◆ **PROBLEM TO WORK ON**:
Return only what lies between the first line of the entries and the line containing "msp = doc.modelspace()", both lines included.

##### GIVEN DATA #####

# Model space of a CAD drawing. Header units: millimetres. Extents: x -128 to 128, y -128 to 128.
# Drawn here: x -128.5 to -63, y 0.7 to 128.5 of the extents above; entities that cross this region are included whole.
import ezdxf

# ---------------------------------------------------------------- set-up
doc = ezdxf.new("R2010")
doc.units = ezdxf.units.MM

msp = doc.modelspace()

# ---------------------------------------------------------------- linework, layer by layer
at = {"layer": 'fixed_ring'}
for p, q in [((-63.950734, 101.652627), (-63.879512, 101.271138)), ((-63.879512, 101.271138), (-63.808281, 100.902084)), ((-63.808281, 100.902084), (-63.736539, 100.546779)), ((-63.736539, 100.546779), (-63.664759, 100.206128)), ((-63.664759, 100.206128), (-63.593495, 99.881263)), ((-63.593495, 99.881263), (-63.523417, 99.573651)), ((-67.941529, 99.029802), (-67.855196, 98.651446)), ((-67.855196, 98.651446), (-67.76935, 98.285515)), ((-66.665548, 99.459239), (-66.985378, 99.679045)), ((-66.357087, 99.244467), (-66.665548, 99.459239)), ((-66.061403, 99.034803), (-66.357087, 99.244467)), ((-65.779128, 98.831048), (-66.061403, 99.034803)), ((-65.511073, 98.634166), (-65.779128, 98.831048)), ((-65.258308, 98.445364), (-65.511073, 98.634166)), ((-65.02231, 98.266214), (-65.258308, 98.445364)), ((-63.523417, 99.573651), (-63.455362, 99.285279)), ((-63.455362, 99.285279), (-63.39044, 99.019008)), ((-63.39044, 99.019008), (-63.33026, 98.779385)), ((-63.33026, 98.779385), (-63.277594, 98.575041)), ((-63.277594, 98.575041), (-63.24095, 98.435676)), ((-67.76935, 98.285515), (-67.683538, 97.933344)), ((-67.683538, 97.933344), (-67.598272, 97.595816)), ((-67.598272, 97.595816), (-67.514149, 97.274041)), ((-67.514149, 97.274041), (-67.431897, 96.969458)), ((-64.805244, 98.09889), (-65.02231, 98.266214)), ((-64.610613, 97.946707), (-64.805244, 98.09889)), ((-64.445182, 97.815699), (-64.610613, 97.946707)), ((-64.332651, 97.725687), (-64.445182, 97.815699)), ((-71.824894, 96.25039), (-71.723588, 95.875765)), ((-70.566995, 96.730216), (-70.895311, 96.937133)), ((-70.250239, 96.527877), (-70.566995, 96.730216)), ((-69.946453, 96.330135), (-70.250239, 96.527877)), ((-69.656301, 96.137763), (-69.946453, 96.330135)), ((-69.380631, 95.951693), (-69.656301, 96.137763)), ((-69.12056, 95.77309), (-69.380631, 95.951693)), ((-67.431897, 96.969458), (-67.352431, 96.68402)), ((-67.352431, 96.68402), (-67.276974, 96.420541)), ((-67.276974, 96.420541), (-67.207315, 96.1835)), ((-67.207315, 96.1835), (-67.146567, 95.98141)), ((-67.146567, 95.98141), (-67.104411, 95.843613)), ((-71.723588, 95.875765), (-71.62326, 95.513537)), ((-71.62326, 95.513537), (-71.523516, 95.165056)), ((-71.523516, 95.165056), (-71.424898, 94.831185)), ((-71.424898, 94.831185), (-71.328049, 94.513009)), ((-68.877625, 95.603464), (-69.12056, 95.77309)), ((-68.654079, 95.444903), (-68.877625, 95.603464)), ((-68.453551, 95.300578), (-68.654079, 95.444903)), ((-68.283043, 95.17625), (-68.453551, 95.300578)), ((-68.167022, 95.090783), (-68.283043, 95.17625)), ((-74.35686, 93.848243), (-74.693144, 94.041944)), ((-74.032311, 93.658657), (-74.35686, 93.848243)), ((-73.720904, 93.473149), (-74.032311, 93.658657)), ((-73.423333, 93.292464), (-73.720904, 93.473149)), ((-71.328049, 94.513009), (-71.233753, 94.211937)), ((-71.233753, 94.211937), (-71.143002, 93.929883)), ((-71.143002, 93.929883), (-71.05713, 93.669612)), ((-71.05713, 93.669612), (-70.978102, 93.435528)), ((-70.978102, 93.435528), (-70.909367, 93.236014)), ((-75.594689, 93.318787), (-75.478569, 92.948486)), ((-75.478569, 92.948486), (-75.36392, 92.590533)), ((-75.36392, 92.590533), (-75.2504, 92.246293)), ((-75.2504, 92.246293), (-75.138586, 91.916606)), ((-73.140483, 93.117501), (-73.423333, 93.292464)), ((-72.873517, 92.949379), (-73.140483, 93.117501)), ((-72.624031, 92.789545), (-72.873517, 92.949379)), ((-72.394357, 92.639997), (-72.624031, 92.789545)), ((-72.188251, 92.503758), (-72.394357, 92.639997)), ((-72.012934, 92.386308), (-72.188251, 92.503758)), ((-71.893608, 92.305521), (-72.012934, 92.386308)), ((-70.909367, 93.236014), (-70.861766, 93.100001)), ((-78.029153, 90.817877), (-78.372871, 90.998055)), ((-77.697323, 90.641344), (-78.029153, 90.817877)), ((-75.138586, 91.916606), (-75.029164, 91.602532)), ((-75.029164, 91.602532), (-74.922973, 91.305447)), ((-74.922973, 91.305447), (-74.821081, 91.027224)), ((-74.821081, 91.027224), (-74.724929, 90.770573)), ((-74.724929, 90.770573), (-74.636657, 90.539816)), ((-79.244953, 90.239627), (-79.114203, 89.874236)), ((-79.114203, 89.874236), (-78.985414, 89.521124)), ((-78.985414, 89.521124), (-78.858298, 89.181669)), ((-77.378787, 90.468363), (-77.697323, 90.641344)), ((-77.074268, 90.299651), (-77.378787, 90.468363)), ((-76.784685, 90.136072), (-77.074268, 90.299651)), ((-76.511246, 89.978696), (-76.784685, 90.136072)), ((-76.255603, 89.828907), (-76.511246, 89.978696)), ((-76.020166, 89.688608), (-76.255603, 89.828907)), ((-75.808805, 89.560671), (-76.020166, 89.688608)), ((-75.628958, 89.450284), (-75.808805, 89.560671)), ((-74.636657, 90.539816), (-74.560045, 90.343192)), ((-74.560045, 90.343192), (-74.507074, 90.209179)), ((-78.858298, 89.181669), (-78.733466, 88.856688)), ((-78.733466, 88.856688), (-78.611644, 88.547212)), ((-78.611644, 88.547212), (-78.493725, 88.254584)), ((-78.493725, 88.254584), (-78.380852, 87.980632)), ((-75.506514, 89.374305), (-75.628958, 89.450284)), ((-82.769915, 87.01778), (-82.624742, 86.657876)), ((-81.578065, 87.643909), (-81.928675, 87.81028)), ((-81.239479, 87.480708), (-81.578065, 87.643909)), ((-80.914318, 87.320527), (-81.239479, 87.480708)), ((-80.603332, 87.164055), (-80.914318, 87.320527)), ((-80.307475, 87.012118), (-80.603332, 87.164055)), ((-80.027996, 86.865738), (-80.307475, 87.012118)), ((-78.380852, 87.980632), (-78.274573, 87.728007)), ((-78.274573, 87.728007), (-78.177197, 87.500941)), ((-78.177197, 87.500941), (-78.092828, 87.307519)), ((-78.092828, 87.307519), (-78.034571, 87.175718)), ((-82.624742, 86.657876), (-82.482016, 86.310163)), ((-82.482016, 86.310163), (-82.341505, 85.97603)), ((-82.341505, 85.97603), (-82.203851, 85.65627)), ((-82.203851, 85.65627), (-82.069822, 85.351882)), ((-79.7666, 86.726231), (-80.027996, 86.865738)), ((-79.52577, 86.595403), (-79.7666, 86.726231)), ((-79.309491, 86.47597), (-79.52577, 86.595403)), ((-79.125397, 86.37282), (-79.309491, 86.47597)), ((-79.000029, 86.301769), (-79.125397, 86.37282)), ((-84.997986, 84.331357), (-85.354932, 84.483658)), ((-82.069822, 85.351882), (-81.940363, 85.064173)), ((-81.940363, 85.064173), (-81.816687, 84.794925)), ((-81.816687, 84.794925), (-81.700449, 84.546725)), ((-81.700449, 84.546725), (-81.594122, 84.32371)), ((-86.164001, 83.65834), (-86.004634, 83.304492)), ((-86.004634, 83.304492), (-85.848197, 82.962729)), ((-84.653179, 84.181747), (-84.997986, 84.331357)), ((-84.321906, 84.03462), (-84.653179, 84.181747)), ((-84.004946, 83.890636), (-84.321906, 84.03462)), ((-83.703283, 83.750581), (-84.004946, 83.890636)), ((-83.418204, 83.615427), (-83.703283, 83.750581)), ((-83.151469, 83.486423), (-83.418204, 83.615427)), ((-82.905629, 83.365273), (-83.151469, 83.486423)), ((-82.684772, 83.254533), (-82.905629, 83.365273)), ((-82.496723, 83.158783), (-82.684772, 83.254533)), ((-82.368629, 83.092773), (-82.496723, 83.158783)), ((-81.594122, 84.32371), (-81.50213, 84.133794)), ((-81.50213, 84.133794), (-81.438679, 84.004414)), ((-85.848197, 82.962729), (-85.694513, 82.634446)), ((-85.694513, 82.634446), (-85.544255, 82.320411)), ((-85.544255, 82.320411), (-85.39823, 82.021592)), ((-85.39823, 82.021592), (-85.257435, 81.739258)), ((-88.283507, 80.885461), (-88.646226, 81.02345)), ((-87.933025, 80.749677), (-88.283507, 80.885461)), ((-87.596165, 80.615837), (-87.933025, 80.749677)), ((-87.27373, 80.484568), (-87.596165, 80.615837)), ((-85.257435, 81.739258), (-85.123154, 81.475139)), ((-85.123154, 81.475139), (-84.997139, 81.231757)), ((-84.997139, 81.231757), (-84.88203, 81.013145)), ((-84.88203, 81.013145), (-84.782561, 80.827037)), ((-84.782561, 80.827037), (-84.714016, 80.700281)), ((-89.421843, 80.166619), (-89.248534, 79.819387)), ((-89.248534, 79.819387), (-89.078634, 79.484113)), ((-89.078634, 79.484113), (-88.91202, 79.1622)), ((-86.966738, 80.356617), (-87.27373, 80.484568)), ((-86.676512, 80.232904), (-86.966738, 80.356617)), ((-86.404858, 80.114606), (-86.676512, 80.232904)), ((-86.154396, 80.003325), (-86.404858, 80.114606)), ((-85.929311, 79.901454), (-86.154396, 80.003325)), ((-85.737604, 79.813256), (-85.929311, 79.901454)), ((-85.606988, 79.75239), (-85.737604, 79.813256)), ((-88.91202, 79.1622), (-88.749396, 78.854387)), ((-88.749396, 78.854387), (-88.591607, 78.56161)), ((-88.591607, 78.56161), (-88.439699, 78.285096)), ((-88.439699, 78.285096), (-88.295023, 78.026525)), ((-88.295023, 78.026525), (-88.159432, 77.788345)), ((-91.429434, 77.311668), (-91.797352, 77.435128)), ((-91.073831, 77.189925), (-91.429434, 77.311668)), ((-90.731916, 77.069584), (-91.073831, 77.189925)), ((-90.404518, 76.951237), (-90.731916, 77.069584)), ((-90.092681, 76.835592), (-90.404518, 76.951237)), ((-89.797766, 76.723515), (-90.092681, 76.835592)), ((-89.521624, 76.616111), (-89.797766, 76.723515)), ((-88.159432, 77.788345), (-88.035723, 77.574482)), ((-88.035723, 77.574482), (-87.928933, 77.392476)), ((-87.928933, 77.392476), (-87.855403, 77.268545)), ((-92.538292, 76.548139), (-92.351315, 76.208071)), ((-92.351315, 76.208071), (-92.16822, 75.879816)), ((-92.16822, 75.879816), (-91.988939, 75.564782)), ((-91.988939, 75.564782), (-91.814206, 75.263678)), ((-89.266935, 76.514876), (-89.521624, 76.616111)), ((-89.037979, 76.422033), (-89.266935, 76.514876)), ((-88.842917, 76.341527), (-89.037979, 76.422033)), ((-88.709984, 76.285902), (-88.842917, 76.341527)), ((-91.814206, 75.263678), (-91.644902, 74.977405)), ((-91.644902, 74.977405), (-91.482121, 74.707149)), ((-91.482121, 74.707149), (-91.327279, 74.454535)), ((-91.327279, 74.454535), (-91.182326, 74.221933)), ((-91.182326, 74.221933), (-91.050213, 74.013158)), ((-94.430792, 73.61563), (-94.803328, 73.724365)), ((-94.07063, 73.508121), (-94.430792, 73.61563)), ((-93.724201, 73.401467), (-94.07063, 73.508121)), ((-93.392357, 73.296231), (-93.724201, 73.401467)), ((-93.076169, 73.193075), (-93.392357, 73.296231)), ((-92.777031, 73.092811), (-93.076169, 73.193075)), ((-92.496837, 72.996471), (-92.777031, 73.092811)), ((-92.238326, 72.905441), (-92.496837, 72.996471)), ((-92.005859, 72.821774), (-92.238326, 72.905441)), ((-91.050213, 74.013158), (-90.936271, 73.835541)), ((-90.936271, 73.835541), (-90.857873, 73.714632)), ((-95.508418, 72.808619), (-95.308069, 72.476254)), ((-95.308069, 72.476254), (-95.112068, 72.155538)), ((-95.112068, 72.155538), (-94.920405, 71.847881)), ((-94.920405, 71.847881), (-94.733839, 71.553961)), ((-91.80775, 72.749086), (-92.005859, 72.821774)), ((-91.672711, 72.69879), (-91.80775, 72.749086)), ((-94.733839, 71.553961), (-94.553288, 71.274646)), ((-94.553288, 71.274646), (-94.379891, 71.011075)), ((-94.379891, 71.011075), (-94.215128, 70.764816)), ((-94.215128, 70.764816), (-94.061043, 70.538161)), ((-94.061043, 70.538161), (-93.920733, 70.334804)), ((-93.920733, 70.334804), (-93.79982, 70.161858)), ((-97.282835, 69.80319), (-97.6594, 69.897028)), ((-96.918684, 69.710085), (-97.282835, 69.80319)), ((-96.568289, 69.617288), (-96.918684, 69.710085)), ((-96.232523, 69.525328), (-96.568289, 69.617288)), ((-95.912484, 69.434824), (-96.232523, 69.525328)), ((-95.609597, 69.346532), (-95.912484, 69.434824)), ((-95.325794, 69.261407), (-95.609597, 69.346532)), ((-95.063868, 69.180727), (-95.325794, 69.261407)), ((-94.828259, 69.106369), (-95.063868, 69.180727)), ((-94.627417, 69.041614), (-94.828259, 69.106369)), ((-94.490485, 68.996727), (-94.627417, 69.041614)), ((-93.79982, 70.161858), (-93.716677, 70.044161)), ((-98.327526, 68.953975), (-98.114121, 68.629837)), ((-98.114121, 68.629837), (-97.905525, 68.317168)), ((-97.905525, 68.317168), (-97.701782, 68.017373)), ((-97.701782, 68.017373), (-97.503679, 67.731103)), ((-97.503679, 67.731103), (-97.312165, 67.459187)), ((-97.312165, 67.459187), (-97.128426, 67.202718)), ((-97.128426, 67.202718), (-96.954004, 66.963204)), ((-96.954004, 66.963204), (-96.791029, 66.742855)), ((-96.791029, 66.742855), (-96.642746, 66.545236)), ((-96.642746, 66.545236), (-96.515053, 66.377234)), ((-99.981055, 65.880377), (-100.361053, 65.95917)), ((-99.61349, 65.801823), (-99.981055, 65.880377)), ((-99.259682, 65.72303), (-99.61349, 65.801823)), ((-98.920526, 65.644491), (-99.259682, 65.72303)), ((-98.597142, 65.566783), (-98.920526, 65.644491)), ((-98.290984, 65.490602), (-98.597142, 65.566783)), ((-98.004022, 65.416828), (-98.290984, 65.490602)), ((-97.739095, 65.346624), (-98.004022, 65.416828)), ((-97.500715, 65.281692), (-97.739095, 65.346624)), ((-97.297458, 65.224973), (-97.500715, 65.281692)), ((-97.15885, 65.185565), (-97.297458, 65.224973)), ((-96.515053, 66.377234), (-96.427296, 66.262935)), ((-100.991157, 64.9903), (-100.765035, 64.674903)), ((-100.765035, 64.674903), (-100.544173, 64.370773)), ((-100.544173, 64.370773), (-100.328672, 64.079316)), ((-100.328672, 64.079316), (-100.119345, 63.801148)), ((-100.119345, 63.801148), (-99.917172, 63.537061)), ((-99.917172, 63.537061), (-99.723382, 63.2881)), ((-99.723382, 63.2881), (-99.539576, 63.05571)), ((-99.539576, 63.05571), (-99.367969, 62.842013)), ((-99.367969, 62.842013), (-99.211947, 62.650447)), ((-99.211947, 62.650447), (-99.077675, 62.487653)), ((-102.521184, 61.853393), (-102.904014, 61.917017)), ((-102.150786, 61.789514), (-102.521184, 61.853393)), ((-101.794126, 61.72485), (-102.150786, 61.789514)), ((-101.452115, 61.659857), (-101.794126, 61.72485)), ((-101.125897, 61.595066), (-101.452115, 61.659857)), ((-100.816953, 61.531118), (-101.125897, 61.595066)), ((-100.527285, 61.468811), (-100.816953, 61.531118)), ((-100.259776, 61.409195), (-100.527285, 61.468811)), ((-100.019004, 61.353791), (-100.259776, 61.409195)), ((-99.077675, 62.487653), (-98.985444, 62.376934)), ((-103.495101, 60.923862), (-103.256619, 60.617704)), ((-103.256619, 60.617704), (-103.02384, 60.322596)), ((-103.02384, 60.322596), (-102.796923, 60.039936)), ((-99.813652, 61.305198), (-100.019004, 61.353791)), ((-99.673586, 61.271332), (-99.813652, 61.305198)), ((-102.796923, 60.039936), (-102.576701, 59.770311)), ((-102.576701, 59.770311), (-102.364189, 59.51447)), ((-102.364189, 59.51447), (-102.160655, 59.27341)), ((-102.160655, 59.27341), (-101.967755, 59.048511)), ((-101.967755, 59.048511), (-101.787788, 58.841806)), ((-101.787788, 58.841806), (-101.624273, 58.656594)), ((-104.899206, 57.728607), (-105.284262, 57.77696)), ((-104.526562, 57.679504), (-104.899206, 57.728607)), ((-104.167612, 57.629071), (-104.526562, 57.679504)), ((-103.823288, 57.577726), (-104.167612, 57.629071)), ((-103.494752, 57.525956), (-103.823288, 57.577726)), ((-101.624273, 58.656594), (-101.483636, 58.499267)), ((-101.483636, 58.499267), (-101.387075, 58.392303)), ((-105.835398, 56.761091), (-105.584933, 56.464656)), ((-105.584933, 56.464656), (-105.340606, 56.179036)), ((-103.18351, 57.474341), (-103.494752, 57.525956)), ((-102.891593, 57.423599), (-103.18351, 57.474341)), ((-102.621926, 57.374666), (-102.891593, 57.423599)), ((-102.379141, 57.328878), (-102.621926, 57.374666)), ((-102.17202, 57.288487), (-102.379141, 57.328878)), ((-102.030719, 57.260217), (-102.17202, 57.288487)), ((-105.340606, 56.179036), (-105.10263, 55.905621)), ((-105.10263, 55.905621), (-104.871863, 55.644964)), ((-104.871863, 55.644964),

#####

◆ **ANSWER SECTION**:
# Model space of a CAD drawing. Header units: millimetres. Extents: x -128 to 128, y -128 to 128.
# Drawn here: x -128.5 to -63, y 0.7 to 128.5 of the extents above; entities that cross this region are included whole.
import ezdxf

# ---------------------------------------------------------------- set-up
doc = ezdxf.new("R2010")
doc.units = ezdxf.units.MM

msp = doc.modelspace()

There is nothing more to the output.